# BRIEF
Output the entries below word for word, stopping once the line containing "#27=LINE('',#26,#25);" is done, and omit each picture.
MATERIAL SHOWN START
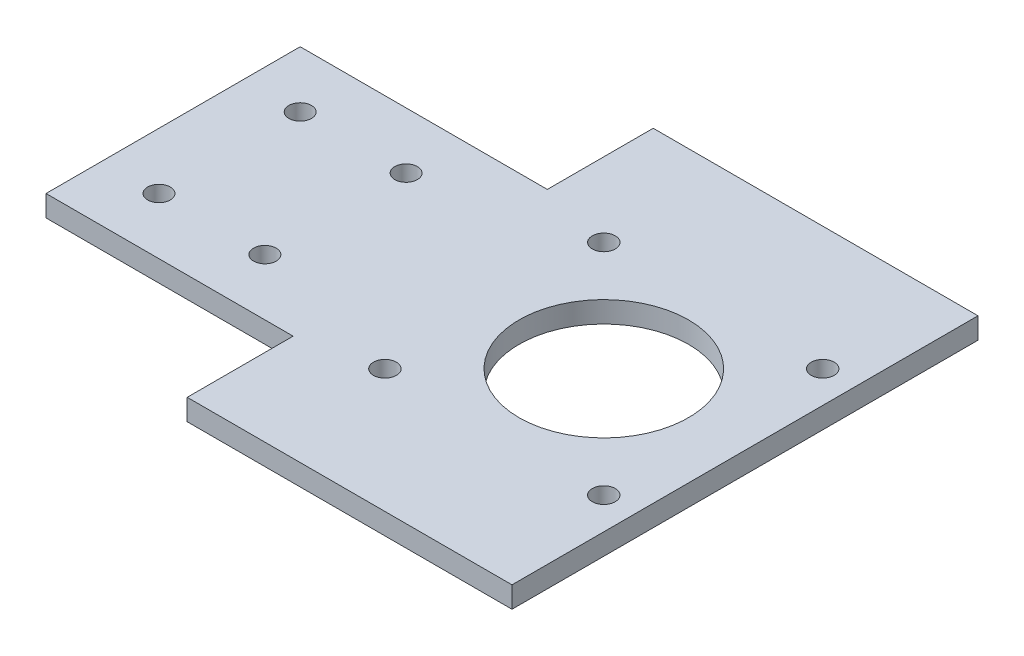
ISO-10303-21;
HEADER;
FILE_DESCRIPTION(('STEP AP214'),'2;1');
FILE_NAME('part.step','',(''),(''),'','','');
FILE_SCHEMA(('AUTOMOTIVE_DESIGN { 1 0 10303 214 1 1 1 1 }'));
ENDSEC;
DATA;
#1=APPLICATION_CONTEXT('core data for automotive mechanical design processes');
#2=APPLICATION_PROTOCOL_DEFINITION('international standard','automotive_design',2000,#1);
#3=PRODUCT_CONTEXT('',#1,'mechanical');
#4=PRODUCT('Part','Part','',(#3));
#5=PRODUCT_RELATED_PRODUCT_CATEGORY('part','',(#4));
#6=PRODUCT_DEFINITION_FORMATION('','',#4);
#7=PRODUCT_DEFINITION_CONTEXT('part definition',#1,'design');
#8=PRODUCT_DEFINITION('design','',#6,#7);
#9=PRODUCT_DEFINITION_SHAPE('','',#8);
#10=(LENGTH_UNIT() NAMED_UNIT(*) SI_UNIT(.MILLI.,.METRE.));
#11=(NAMED_UNIT(*) PLANE_ANGLE_UNIT() SI_UNIT($,.RADIAN.));
#12=(NAMED_UNIT(*) SI_UNIT($,.STERADIAN.) SOLID_ANGLE_UNIT());
#13=UNCERTAINTY_MEASURE_WITH_UNIT(LENGTH_MEASURE(1.E-05),#10,'distance_accuracy_value','');
#14=(GEOMETRIC_REPRESENTATION_CONTEXT(3) GLOBAL_UNCERTAINTY_ASSIGNED_CONTEXT((#13)) GLOBAL_UNIT_ASSIGNED_CONTEXT((#10,
#11,#12)) REPRESENTATION_CONTEXT('',''));
#15=CARTESIAN_POINT('',(0.,0.,0.));
#16=DIRECTION('',(0.,0.,1.));
#17=DIRECTION('',(1.,0.,0.));
#18=AXIS2_PLACEMENT_3D('',#15,#16,#17);
#19=CARTESIAN_POINT('',(35.,3.,0.));
#20=DIRECTION('',(0.,0.,-1.));
#21=DIRECTION('',(-1.,0.,0.));
#22=AXIS2_PLACEMENT_3D('',#19,#20,#21);
#23=PLANE('',#22);
#24=DIRECTION('',(1.,0.,0.));
#25=VECTOR('',#24,1.);
#26=CARTESIAN_POINT('',(35.,0.,0.));
#27=LINE('',#26,#25);
#28=CARTESIAN_POINT('',(0.,0.,0.));
#29=VERTEX_POINT('',#28);
#30=CARTESIAN_POINT('',(35.,0.,0.));
#31=VERTEX_POINT('',#30);
#32=EDGE_CURVE('E131',#29,#31,#27,.T.);
#33=ORIENTED_EDGE('',*,*,#32,.T.);
#34=DIRECTION('',(0.,-1.,0.));
#35=VECTOR('',#34,1.);
#36=CARTESIAN_POINT('',(35.,3.,0.));
#37=LINE('',#36,#35);
#38=CARTESIAN_POINT('',(35.,3.,0.));
#39=VERTEX_POINT('',#38);
#40=EDGE_CURVE('E11',#39,#31,#37,.T.);
#41=ORIENTED_EDGE('',*,*,#40,.F.);
#42=DIRECTION('',(1.,0.,0.));
#43=VECTOR('',#42,1.);
#44=CARTESIAN_POINT('',(35.,3.,0.));
#45=LINE('',#44,#43);
#46=CARTESIAN_POINT('',(0.,3.,0.));
#47=VERTEX_POINT('',#46);
#48=EDGE_CURVE('E146',#47,#39,#45,.T.);
#49=ORIENTED_EDGE('',*,*,#48,.F.);
#50=DIRECTION('',(0.,-1.,0.));
#51=VECTOR('',#50,1.);
#52=CARTESIAN_POINT('',(0.,3.,0.));
#53=LINE('',#52,#51);
#54=EDGE_CURVE('E127',#47,#29,#53,.T.);
#55=ORIENTED_EDGE('',*,*,#54,.T.);
#56=EDGE_LOOP('',(#33,#41,#49,#55));
#57=FACE_BOUND('',#56,.T.);
#58=ADVANCED_FACE('F35',(#57),#23,.F.);
#59=CARTESIAN_POINT('',(35.,3.,15.));
#60=DIRECTION('',(1.,0.,0.));
#61=DIRECTION('',(0.,0.,-1.));
#62=AXIS2_PLACEMENT_3D('',#59,#60,#61);
#63=PLANE('',#62);
#64=DIRECTION('',(0.,0.,1.));
#65=VECTOR('',#64,1.);
#66=CARTESIAN_POINT('',(35.,0.,15.));
#67=LINE('',#66,#65);
#68=CARTESIAN_POINT('',(35.,0.,15.));
#69=VERTEX_POINT('',#68);
#70=EDGE_CURVE('E134',#31,#69,#67,.T.);
#71=ORIENTED_EDGE('',*,*,#70,.T.);
#72=DIRECTION('',(0.,-1.,0.));
#73=VECTOR('',#72,1.);
#74=CARTESIAN_POINT('',(35.,3.,15.));
#75=LINE('',#74,#73);
#76=CARTESIAN_POINT('',(35.,3.,15.));
#77=VERTEX_POINT('',#76);
#78=EDGE_CURVE('E43',#77,#69,#75,.T.);
#79=ORIENTED_EDGE('',*,*,#78,.F.);
#80=DIRECTION('',(0.,0.,1.));
#81=VECTOR('',#80,1.);
#82=CARTESIAN_POINT('',(35.,3.,15.));
#83=LINE('',#82,#81);
#84=EDGE_CURVE('E94',#39,#77,#83,.T.);
#85=ORIENTED_EDGE('',*,*,#84,.F.);
#86=ORIENTED_EDGE('',*,*,#40,.T.);
#87=EDGE_LOOP('',(#71,#79,#85,#86));
#88=FACE_BOUND('',#87,.T.);
#89=ADVANCED_FACE('F276',(#88),#63,.F.);
#90=CARTESIAN_POINT('',(81.,3.,15.));
#91=DIRECTION('',(0.,0.,-1.));
#92=DIRECTION('',(-1.,0.,0.));
#93=AXIS2_PLACEMENT_3D('',#90,#91,#92);
#94=PLANE('',#93);
#95=DIRECTION('',(1.,0.,0.));
#96=VECTOR('',#95,1.);
#97=CARTESIAN_POINT('',(81.,0.,15.));
#98=LINE('',#97,#96);
#99=CARTESIAN_POINT('',(81.,0.,15.));
#100=VERTEX_POINT('',#99);
#101=EDGE_CURVE('E137',#69,#100,#98,.T.);
#102=ORIENTED_EDGE('',*,*,#101,.T.);
#103=DIRECTION('',(0.,-1.,0.));
#104=VECTOR('',#103,1.);
#105=CARTESIAN_POINT('',(81.,3.,15.));
#106=LINE('',#105,#104);
#107=CARTESIAN_POINT('',(81.,3.,15.));
#108=VERTEX_POINT('',#107);
#109=EDGE_CURVE('E153',#108,#100,#106,.T.);
#110=ORIENTED_EDGE('',*,*,#109,.F.);
#111=DIRECTION('',(1.,0.,0.));
#112=VECTOR('',#111,1.);
#113=CARTESIAN_POINT('',(81.,3.,15.));
#114=LINE('',#113,#112);
#115=EDGE_CURVE('E161',#77,#108,#114,.T.);
#116=ORIENTED_EDGE('',*,*,#115,.F.);
#117=ORIENTED_EDGE('',*,*,#78,.T.);
#118=EDGE_LOOP('',(#102,#110,#116,#117));
#119=FACE_BOUND('',#118,.T.);
#120=ADVANCED_FACE('F159',(#119),#94,.F.);
#121=CARTESIAN_POINT('',(81.,3.,-51.));
#122=DIRECTION('',(-1.,0.,0.));
#123=DIRECTION('',(0.,0.,1.));
#124=AXIS2_PLACEMENT_3D('',#121,#122,#123);
#125=PLANE('',#124);
#126=DIRECTION('',(0.,0.,-1.));
#127=VECTOR('',#126,1.);
#128=CARTESIAN_POINT('',(81.,0.,-51.));
#129=LINE('',#128,#127);
#130=CARTESIAN_POINT('',(81.,0.,-51.));
#131=VERTEX_POINT('',#130);
#132=EDGE_CURVE('E139',#100,#131,#129,.T.);
#133=ORIENTED_EDGE('',*,*,#132,.T.);
#134=DIRECTION('',(0.,-1.,0.));
#135=VECTOR('',#134,1.);
#136=CARTESIAN_POINT('',(81.,3.,-51.));
#137=LINE('',#136,#135);
#138=CARTESIAN_POINT('',(81.,3.,-51.));
#139=VERTEX_POINT('',#138);
#140=EDGE_CURVE('E150',#139,#131,#137,.T.);
#141=ORIENTED_EDGE('',*,*,#140,.F.);
#142=DIRECTION('',(0.,0.,-1.));
#143=VECTOR('',#142,1.);
#144=CARTESIAN_POINT('',(81.,3.,-51.));
#145=LINE('',#144,#143);
#146=EDGE_CURVE('E173',#108,#139,#145,.T.);
#147=ORIENTED_EDGE('',*,*,#146,.F.);
#148=ORIENTED_EDGE('',*,*,#109,.T.);
#149=EDGE_LOOP('',(#133,#141,#147,#148));
#150=FACE_BOUND('',#149,.T.);
#151=ADVANCED_FACE('F169',(#150),#125,.F.);
#152=CARTESIAN_POINT('',(35.,3.,-51.));
#153=DIRECTION('',(0.,0.,1.));
#154=DIRECTION('',(1.,0.,0.));
#155=AXIS2_PLACEMENT_3D('',#152,#153,#154);
#156=PLANE('',#155);
#157=DIRECTION('',(-1.,0.,0.));
#158=VECTOR('',#157,1.);
#159=CARTESIAN_POINT('',(35.,0.,-51.));
#160=LINE('',#159,#158);
#161=CARTESIAN_POINT('',(35.,0.,-51.));
#162=VERTEX_POINT('',#161);
#163=EDGE_CURVE('E141',#131,#162,#160,.T.);
#164=ORIENTED_EDGE('',*,*,#163,.T.);
#165=DIRECTION('',(0.,-1.,0.));
#166=VECTOR('',#165,1.);
#167=CARTESIAN_POINT('',(35.,3.,-51.));
#168=LINE('',#167,#166);
#169=CARTESIAN_POINT('',(35.,3.,-51.));
#170=VERTEX_POINT('',#169);
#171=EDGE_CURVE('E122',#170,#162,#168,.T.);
MATERIAL SHOWN END
# EXPECTED ANSWER
ISO-10303-21;
HEADER;
FILE_DESCRIPTION(('STEP AP214'),'2;1');
FILE_NAME('part.step','',(''),(''),'','','');
FILE_SCHEMA(('AUTOMOTIVE_DESIGN { 1 0 10303 214 1 1 1 1 }'));
ENDSEC;
DATA;
#1=APPLICATION_CONTEXT('core data for automotive mechanical design processes');
#2=APPLICATION_PROTOCOL_DEFINITION('international standard','automotive_design',2000,#1);
#3=PRODUCT_CONTEXT('',#1,'mechanical');
#4=PRODUCT('Part','Part','',(#3));
#5=PRODUCT_RELATED_PRODUCT_CATEGORY('part','',(#4));
#6=PRODUCT_DEFINITION_FORMATION('','',#4);
#7=PRODUCT_DEFINITION_CONTEXT('part definition',#1,'design');
#8=PRODUCT_DEFINITION('design','',#6,#7);
#9=PRODUCT_DEFINITION_SHAPE('','',#8);
#10=(LENGTH_UNIT() NAMED_UNIT(*) SI_UNIT(.MILLI.,.METRE.));
#11=(NAMED_UNIT(*) PLANE_ANGLE_UNIT() SI_UNIT($,.RADIAN.));
#12=(NAMED_UNIT(*) SI_UNIT($,.STERADIAN.) SOLID_ANGLE_UNIT());
#13=UNCERTAINTY_MEASURE_WITH_UNIT(LENGTH_MEASURE(1.E-05),#10,'distance_accuracy_value','');
#14=(GEOMETRIC_REPRESENTATION_CONTEXT(3) GLOBAL_UNCERTAINTY_ASSIGNED_CONTEXT((#13)) GLOBAL_UNIT_ASSIGNED_CONTEXT((#10,
#11,#12)) REPRESENTATION_CONTEXT('',''));
#15=CARTESIAN_POINT('',(0.,0.,0.));
#16=DIRECTION('',(0.,0.,1.));
#17=DIRECTION('',(1.,0.,0.));
#18=AXIS2_PLACEMENT_3D('',#15,#16,#17);
#19=CARTESIAN_POINT('',(35.,3.,0.));
#20=DIRECTION('',(0.,0.,-1.));
#21=DIRECTION('',(-1.,0.,0.));
#22=AXIS2_PLACEMENT_3D('',#19,#20,#21);
#23=PLANE('',#22);
#24=DIRECTION('',(1.,0.,0.));
#25=VECTOR('',#24,1.);
#26=CARTESIAN_POINT('',(35.,0.,0.));
#27=LINE('',#26,#25);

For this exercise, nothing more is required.